In recent weeks, Cheney has glossed over the primary justification for the war, most often by simply not mentioning it. But in late January, Cheney told reporters in Rome, "There's still work to be done to ascertain exactly what's there."

That same week, when asked on National Public Radio whether Iraq had possessed banned weapons, Cheney said, "The jury is still out."

Duelfer's report was presented to senators and the public with less than four weeks left in a fierce presidential campaign dominated by questions about Iraq and the war on terror.

Bush has chosen to give no ground on his handling of the war, even after a week that his own aides concede has brought nothing but bad news, from the CIA report to a declaration by the former U.S. administrator in Iraq, L. Paul Bremer, that the administration committed far too few troops to secure Iraq after the invasion was over.

Yesterday in Bayonne, N.J., Democratic vice-presidential candidate Sen. John Edwards called "amazing" Cheney's assertions that the Duelfer report justified rather than undermined Bush's decision to go to war, and he accused the Republican of using "convoluted logic."

While campaigning in Wisconsin, Bush angrily responded to Kerry's charge that he sought to "make up" a reason for war.

"He's claiming I misled America about weapons when he, himself, cited the very same intelligence about Saddam's weapons programs as the reason he voted to go to war," Bush said.
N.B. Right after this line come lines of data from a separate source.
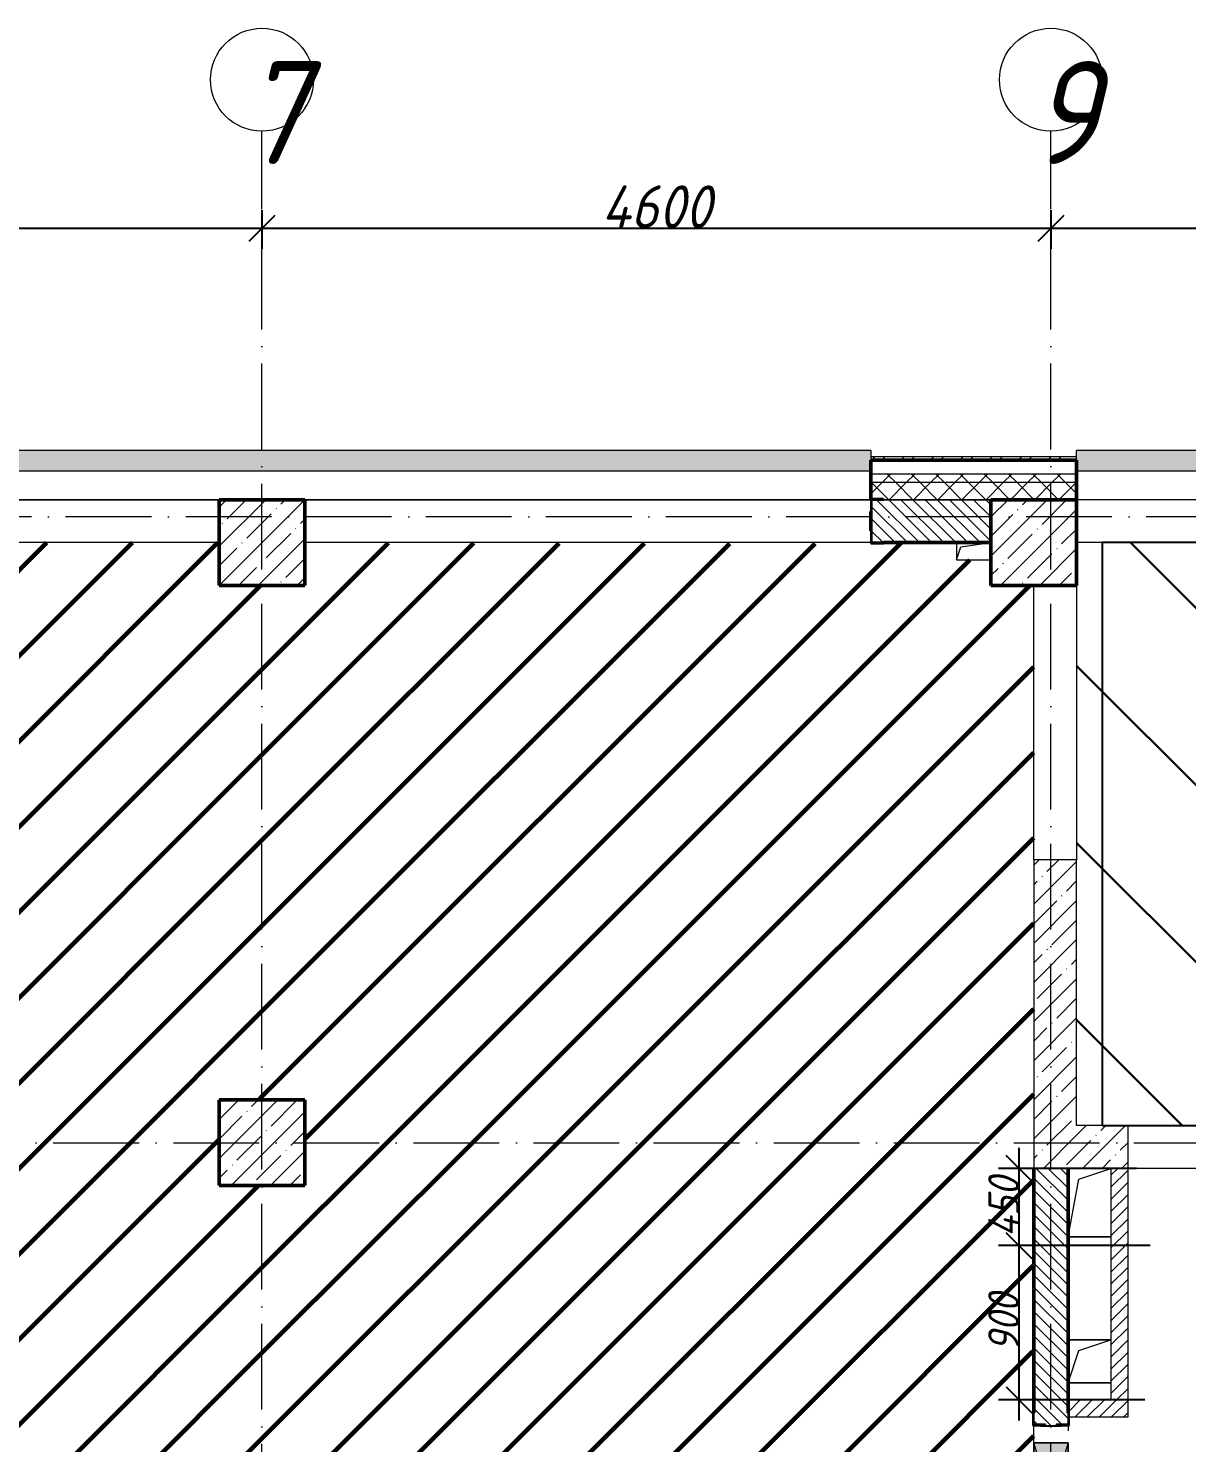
# Model space of a CAD drawing. Header units: millimetres. Extents: x -606178 to 312196, y -19338 to 632709.
# Drawn here: x -256414 to -249659, y 494025 to 502275 of the extents above; entities that cross this region are included whole.
import ezdxf

# ---------------------------------------------------------------- set-up
doc = ezdxf.new("R2010")
doc.units = ezdxf.units.MM
doc.linetypes.add('50_200_ШТРИХ_1Т_ш5_п1_п1_', pattern=[700, 500, -100, 0, -100])
for name, color, linetype, lineweight in [('4) ЛЕстницы', 5, 'Continuous', 30), ('6.4.1) Окр пт с инж. ПТ2.16', 3, 'Continuous', 60), ('A-____-____-DIMS', 7, 'Continuous', 9), ('A-DETL-GENF-OTLN', 7, 'Continuous', 9), ('A-FLOR-____-OTLN', 7, 'Continuous', 9), ('A-GENM-____-MCUT', 7, 'Continuous', 25), ('A-GENM-____-OTLN', 7, 'Continuous', 9), ('A-GENM-____-OTLN-1', 7, 'Continuous', 25), ('A-GLAZ-____-OTLN', 7, 'Continuous', 9), ('A-WALL-____-MCUT-1', 7, 'Continuous', 9), ('A-WALL-____-MCUT-2', 7, 'Continuous', 50), ('A-WALL-____-MCUT-3', 7, 'Continuous', 9), ('A-WALL-____-OTLN', 7, 'Continuous', 9), ('A-WALL-____-PATT-1', 7, 'Continuous', 9), ('A-WALL-FNSH-MCUT-1', 7, 'Continuous', 9), ('I-WALL-____-OTLN', 7, 'Continuous', 9), ('S-COLS-____-MCUT', 7, 'Continuous', 50), ('S-COLS-____-OTLN', 7, 'Continuous', 9), ('S-GRID-____-IDEN', 7, 'Continuous', 9), ('S-GRID-____-OTLN-1', 7, '50_200_ШТРИХ_1Т_ш5_п1_п1_', 9)]:
    doc.layers.add(name, color=color, linetype=linetype, lineweight=lineweight)
doc.layers.add('A-GLAZ-____-OTLN-1', color=7, linetype='Continuous', lineweight=9, true_color=0xc0c0c0)
doc.styles.add('ISOCPEUR_I', font='isocpeui.ttf', dxfattribs={"width": 0.9, "height": 2.5})
doc.styles.add('ISOCPEUR_I_10', font='isocpeui.ttf', dxfattribs={"width": 0.9, "height": 180})
doc.styles.add('ISOCPEUR_I_9', font='isocpeui.ttf', dxfattribs={"width": 0.9, "height": 250})
doc.dimstyles.new('ISO-1_8_0_9К_СРЕДНИЙ_Кладочные_3', dxfattribs={"dimscale": 304.8, "dimtxt": 179.276612, "dimasz": 0.492126, "dimexe": 0.393701, "dimexo": 0, "dimgap": 0, "dimtad": 1, "dimdec": 3, "dimrnd": 0.001, "dimdsep": 46, "dimtxsty": 'ISOCPEUR_I_10', "dimblk1": 'OBLIQUE', "dimblk2": 'OBLIQUE', "dimsah": 1, "dimcen": 0.09, "dimdle": 0.393701, "dimazin": 0, "dimtfac": 1, "dimtdec": 4, "dimtix": 1, "dimtmove": 0, "dimatfit": 3, "dimfxl": 1, "dimtvp": 1, "dimtolj": 1, "dimtzin": 0, "dimarcsym": 2})
doc.dimstyles.new('ISO-2_5_0_9К_БОЛЬШОЙ_ОСИ', dxfattribs={"dimscale": 304.8, "dimtxt": 248.995294, "dimasz": 0.492126, "dimexe": 0.393701, "dimexo": 0, "dimgap": 0, "dimtad": 1, "dimdec": 0, "dimzin": 0, "dimdsep": 46, "dimtxsty": 'ISOCPEUR_I_9', "dimblk1": 'OBLIQUE', "dimblk2": 'OBLIQUE', "dimsah": 1, "dimcen": 0.09, "dimdle": 0.393701, "dimazin": 0, "dimtfac": 1, "dimtdec": 4, "dimtix": 1, "dimtmove": 0, "dimatfit": 3, "dimfxl": 1, "dimtvp": 1, "dimtolj": 1, "dimtzin": 0, "dimarcsym": 2})
pattern_1 = [(45, (-264901.3, 451794.26), (-70.71068, 70.71068), []), (135, (-264901.3, 451794.26), (-70.71068, -70.71068), [])]
pattern_2 = [(45, (-264901.3, 451794.26), (-114.04925, 114.04925), []), (45, (-264787.25, 451794.26), (-114.04925, 114.04925), [201.612, -40.322, 3.353, -36.97])]
pattern_3 = [(45, (-264901.3, 451794.26), (-35.35534, 35.35534), [])]
pattern_4 = [(135, (-264901.3, 451794.26), (-35.35534, -35.35534), [])]

# ---------------------------------------------------------------- blocks, each defined once
blk = doc.blocks.new('BSC_Колонна _Прямоугольная - 500х500-V7-АР1_План отверстий 2 этажа в осях 1-64_А-ГГ')
at = {"layer": 'S-COLS-____-OTLN'}
h = blk.add_hatch(dxfattribs=at)
h.set_pattern_fill('FP_33', color=256, style=0, pattern_type=2)
h.set_pattern_definition([(45, (-9850, -43981.04), (-114.04925, 114.04925), []), (45, (-9735.95, -43981.04), (-114.04925, 114.04925), [201.613, -40.323, 3.353, -36.97])])
h.paths.add_polyline_path([(-250, -250), (250, -250), (250, 250), (-250, 250)], flags=0)
at = {"layer": 'S-COLS-____-MCUT'}
for p, q in [((250, 250), (-250, 250)), ((-250, 250), (-250, -250)), ((250, -250), (250, 250)), ((-250, -250), (250, -250))]:
    blk.add_line(p, q, dxfattribs=at)
blk = doc.blocks.new('BSC_Колонна _Прямоугольная - 500х500-V73-АР1_План отверстий 2 этажа в осях 1-64_А-ГГ')
at = {"layer": 'S-COLS-____-OTLN'}
h = blk.add_hatch(dxfattribs=at)
h.set_pattern_fill('FP_102', color=256, style=0, pattern_type=2)
h.set_pattern_definition([(45, (-9850, -47481.04), (-114.04925, 114.04925), []), (45, (-9735.95, -47481.04), (-114.04925, 114.04925), [201.613, -40.323, 3.353, -36.97])])
h.paths.add_polyline_path([(-250, -250), (250, -250), (250, 250), (-250, 250)], flags=0)
at = {"layer": 'S-COLS-____-MCUT'}
for p, q in [((250, 250), (-250, 250)), ((-250, 250), (-250, -250)), ((250, -250), (250, 250)), ((-250, -250), (250, -250))]:
    blk.add_line(p, q, dxfattribs=at)
blk = doc.blocks.new('Отлив_СКБ - Отлив витража_120_НВФ-31885342-АР1_План отверстий 2 этажа в осях 1-64_А-ГГ')
at = {"layer": 'A-GLAZ-____-OTLN-1'}
for points in [[(0, 0), (0, -2), (7800, -2), (7800, 0), (2808.9, 0)], [(0, -2), (0, -120), (7800, -120), (7800, -2), (2808.9, -2)]]:
    blk.add_hatch(color=256, dxfattribs=at).paths.add_polyline_path(points, flags=0)
at = {"layer": 'A-GLAZ-____-OTLN'}
for p, q in [((0, 0), (7800, 0)), ((7800, -2), (0, -2)), ((0, -120), (0, -83)), ((0, -120), (7800, -120)), ((7800, -83), (7800, -120))]:
    blk.add_line(p, q, dxfattribs=at)
blk = doc.blocks.new('Фахверк_СКБ_Уголок - 250_2700-27497298-АР1_План отверстий 2 этажа в осях 1-64_А-ГГ')
at = {"layer": 'A-GENM-____-MCUT'}
for p, q in [((200, 181), (125, 181)), ((125, 181), (125, 106)), ((131, 106), (131, 175)), ((131, 175), (200, 175)), ((200, 175), (200, 181)), ((125, 106), (131, 106)), ((131, -6), (125, -6)), ((125, -6), (125, -81)), ((125, -81), (200, -81)), ((131, -75), (131, -6)), ((200, -75), (131, -75)), ((200, -81), (200, -75))]:
    blk.add_line(p, q, dxfattribs=at)
blk = doc.blocks.new('154_Стойка_СКБ_Уголок - СМ-2480_200-28346303-АР1_План отверстий 2 этажа в осях 1-64_А-ГГ')
at = {"layer": 'A-GENM-____-MCUT'}
for p, q in [((125, 156), (125, 81)), ((200, 156), (125, 156)), ((131, 81), (131, 150)), ((131, 150), (200, 150)), ((200, 150), (200, 156)), ((125, 81), (131, 81)), ((131, 19), (125, 19)), ((125, 19), (125, -56)), ((131, -50), (131, 19)), ((125, -56), (200, -56)), ((200, -50), (131, -50)), ((200, -56), (200, -50))]:
    blk.add_line(p, q, dxfattribs=at)
blk = doc.blocks.new('Стойка_Влож_Полоса боковая - Полоса-28213942-АР1_План отверстий 2 этажа в осях 1-64_А-ГГ')
at = {"layer": 'A-GENM-____-OTLN'}
for p, q in [((-5, 60), (0, 60)), ((-5, -60), (-5, 60)), ((0, 31), (0, -31)), ((0, -60), (-5, -60))]:
    blk.add_line(p, q, dxfattribs=at)
blk = doc.blocks.new('AR_Отверстие прямоугольное _в плите_ - AR_Отверстие прямоугольное _в плите_-30459204-АР1_План отверстий 2 этажа в осях 1-64_А-ГГ')
at = {"layer": 'A-GENM-____-OTLN'}
for p, q in [((-62.5, 137.5), (125, 200)), ((-125, -200), (-62.5, 137.5)), ((-125, -200), (125, -200))]:
    blk.add_line(p, q, dxfattribs=at)
blk = doc.blocks.new('AR_Отверстие прямоугольное _в плите_ - AR_Отверстие прямоугольное _в плите_-30458064-АР1_План отверстий 2 этажа в осях 1-64_А-ГГ')
at = {"layer": 'A-GENM-____-OTLN'}
for p, q in [((125, 125), (-125, 125)), ((-62.5, 62.5), (125, 125)), ((-125, -125), (-62.5, 62.5)), ((-125, -125), (125, -125))]:
    blk.add_line(p, q, dxfattribs=at)
blk = doc.blocks.new('AR_Отверстие прямоугольное _в плите_ - AR_Отверстие прямоугольное _в плите_-V165-АР1_План отверстий 2 этажа в осях 1-64_А-ГГ')
at = {"layer": 'A-GENM-____-OTLN'}
for p, q in [((-100, 50), (-100, -50)), ((-100, -50), (-75, 25)), ((-75, 25), (100, 50)), ((-100, -50), (100, -50))]:
    blk.add_line(p, q, dxfattribs=at)
blk = doc.blocks.new('Отлив_СКБ - Отлив витража_120_НВФ-31885289-АР1_План отверстий 2 этажа в осях 1-64_А-ГГ')
at = {"layer": 'A-GLAZ-____-OTLN-1'}
for points in [[(1000, 2), (1000, 120), (0, 120), (0, 2)], [(1000, 0), (1000, 2), (0, 2), (0, 0)]]:
    blk.add_hatch(color=256, dxfattribs=at).paths.add_polyline_path(points, flags=0)
at = {"layer": 'A-GLAZ-____-OTLN'}
for p, q in [((0, 83), (0, 120)), ((1000, 120), (0, 120)), ((1000, 120), (1000, 83)), ((0, 2), (1000, 2)), ((1000, 0), (0, 0))]:
    blk.add_line(p, q, dxfattribs=at)
blk = doc.blocks.new('AR_Отверстие прямоугольное _в стене__БезПР - AR_Отверстие прямоугольное _в стене__БезПР-36788778-АР1_План отверстий 2 этажа в осях 1-64_А-ГГ')
at = {"layer": 'A-GLAZ-____-OTLN'}
blk.add_hatch(color=256, dxfattribs=at).paths.add_polyline_path([(325, -100), (325, 100), (-325, 100), (-325, -100), (-109.6, -100)], flags=0)
at = {"layer": 'A-DETL-GENF-OTLN'}
for p, q in [((-325, -100), (-325, 100)), ((-325, 100), (325, 100)), ((325, 100), (-325, -100)), ((-325, 100), (325, -100)), ((325, 100), (-325, 100)), ((-325, 100), (-325, -100)), ((325, 100), (325, -100)), ((325, -100), (325, 100)), ((325, -100), (-325, -100)), ((-325, -100), (325, -100))]:
    blk.add_line(p, q, dxfattribs=at)
at = {"layer": 'A-GLAZ-____-OTLN'}
blk.add_line((325, 100), (-325, 100), dxfattribs=at)
blk = doc.blocks.new('Ось сетки - Круг_Ø6_00__ISO-2_5_0_9K_-25732049-АР1_План отверстий 1 этажа в осях 1-64_А-ГГ')
at = {"layer": 'S-GRID-____-IDEN'}
blk.add_circle((0, 0), 3, dxfattribs=at)
blk = doc.blocks.new('_Oblique')
at = {"color": 0, "linetype": 'ByBlock', "lineweight": -2}
blk.add_line((-0.5, -0.5), (0.5, 0.5), dxfattribs=at)
blk = doc.blocks.new('*D4681')
at = {"layer": 'A-____-____-DIMS', "color": 0, "lineweight": -2, "transparency": 16777216}
for p, q in [((-250636.5, 494155.3), (-250636.5, 495295.3)), ((-249872.5, 495175.3), (-250756.5, 495175.3)), ((-249903.3, 494275.3), (-250756.5, 494275.3))]:
    blk.add_line(p, q, dxfattribs=at)
at = {"layer": 'Defpoints', "color": 0, "transparency": 16777216}
for p in [(-250636.5, 495175.3), (-249872.5, 495175.3), (-249903.3, 494275.3)]:
    blk.add_point(p, dxfattribs=at)
at = {"layer": 'A-____-____-DIMS', "color": 0, "lineweight": -2, "transparency": 16777216, "xscale": 150, "yscale": 150, "zscale": 150}
for p, rotation in [((-250636.5, 495175.3), 90), ((-250636.5, 494275.3), 270)]:
    blk.add_blockref('_Oblique', p, dxfattribs=dict(at, rotation=rotation))
at = {"layer": 'A-____-____-DIMS', "color": 0, "transparency": 16777216, "insert": (-250726.5, 494725.3), "char_height": 180, "width": 409.578, "attachment_point": 5, "rotation": 90, "style": 'ISOCPEUR_I_10'}
blk.add_mtext('\\A1;900', dxfattribs=at)
blk = doc.blocks.new('*D4682')
at = {"layer": 'A-____-____-DIMS', "color": 0, "lineweight": -2, "transparency": 16777216}
for p, q in [((-250636.5, 495055.3), (-250636.5, 495745.3)), ((-249951.3, 495625.3), (-250756.5, 495625.3)), ((-249872.5, 495175.3), (-250756.5, 495175.3))]:
    blk.add_line(p, q, dxfattribs=at)
at = {"layer": 'Defpoints', "color": 0, "transparency": 16777216}
for p in [(-250636.5, 495625.3), (-249951.3, 495625.3), (-249872.5, 495175.3)]:
    blk.add_point(p, dxfattribs=at)
at = {"layer": 'A-____-____-DIMS', "color": 0, "lineweight": -2, "transparency": 16777216, "xscale": 150, "yscale": 150, "zscale": 150}
for p, rotation in [((-250636.5, 495625.3), 90), ((-250636.5, 495175.3), 270)]:
    blk.add_blockref('_Oblique', p, dxfattribs=dict(at, rotation=rotation))
at = {"layer": 'A-____-____-DIMS', "color": 0, "transparency": 16777216, "insert": (-250726.5, 495400.3), "char_height": 180, "width": 426.127, "attachment_point": 5, "rotation": 90, "style": 'ISOCPEUR_I_10'}
blk.add_mtext('\\A1;450', dxfattribs=at)
blk = doc.blocks.new('*D4703')
at = {"layer": 'A-____-____-DIMS', "color": 0, "lineweight": -2, "transparency": 16777216}
for p, q in [((-259451.3, 501215.1), (-259451.3, 500989)), ((-255051.3, 501215.1), (-255051.3, 500989)), ((-259571.3, 501109), (-254931.3, 501109))]:
    blk.add_line(p, q, dxfattribs=at)
at = {"layer": 'Defpoints', "color": 0, "transparency": 16777216}
for p in [(-259451.3, 501215.1), (-255051.3, 501215.1), (-255051.3, 501109)]:
    blk.add_point(p, dxfattribs=at)
at = {"layer": 'A-____-____-DIMS', "color": 0, "lineweight": -2, "transparency": 16777216, "xscale": 150, "yscale": 150, "zscale": 150, "rotation": 180}
blk.add_blockref('_Oblique', (-259451.3, 501109), dxfattribs=at)
at = {"layer": 'A-____-____-DIMS', "color": 0, "lineweight": -2, "transparency": 16777216, "xscale": 150, "yscale": 150, "zscale": 150}
blk.add_blockref('_Oblique', (-255051.3, 501109), dxfattribs=at)
at = {"layer": 'A-____-____-DIMS', "color": 0, "transparency": 16777216, "insert": (-257251.3, 501234), "char_height": 250, "width": 804.446, "attachment_point": 5, "style": 'ISOCPEUR_I_9'}
blk.add_mtext('\\A1;4400', dxfattribs=at)
blk = doc.blocks.new('*D4704')
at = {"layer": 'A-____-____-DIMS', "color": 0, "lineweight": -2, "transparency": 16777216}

Citing a lengthy Kerry quote from two years ago on the threat Hussein could pose, Bush said, "Just who's the one trying to mislead the American people?"

The Kerry campaign said Bush had yanked the words out of context and noted that in the same speech, Kerry said: "Regime change in and of itself is not sufficient justification for going to war, particularly unilaterally, unless regime change is the only way to disarm Iraq of the weapons of mass destruction pursuant to the United Nations resolution. As bad as he is, Saddam Hussein, the dictator, is not the cause of war."


The New York Times News Service contributed to this report.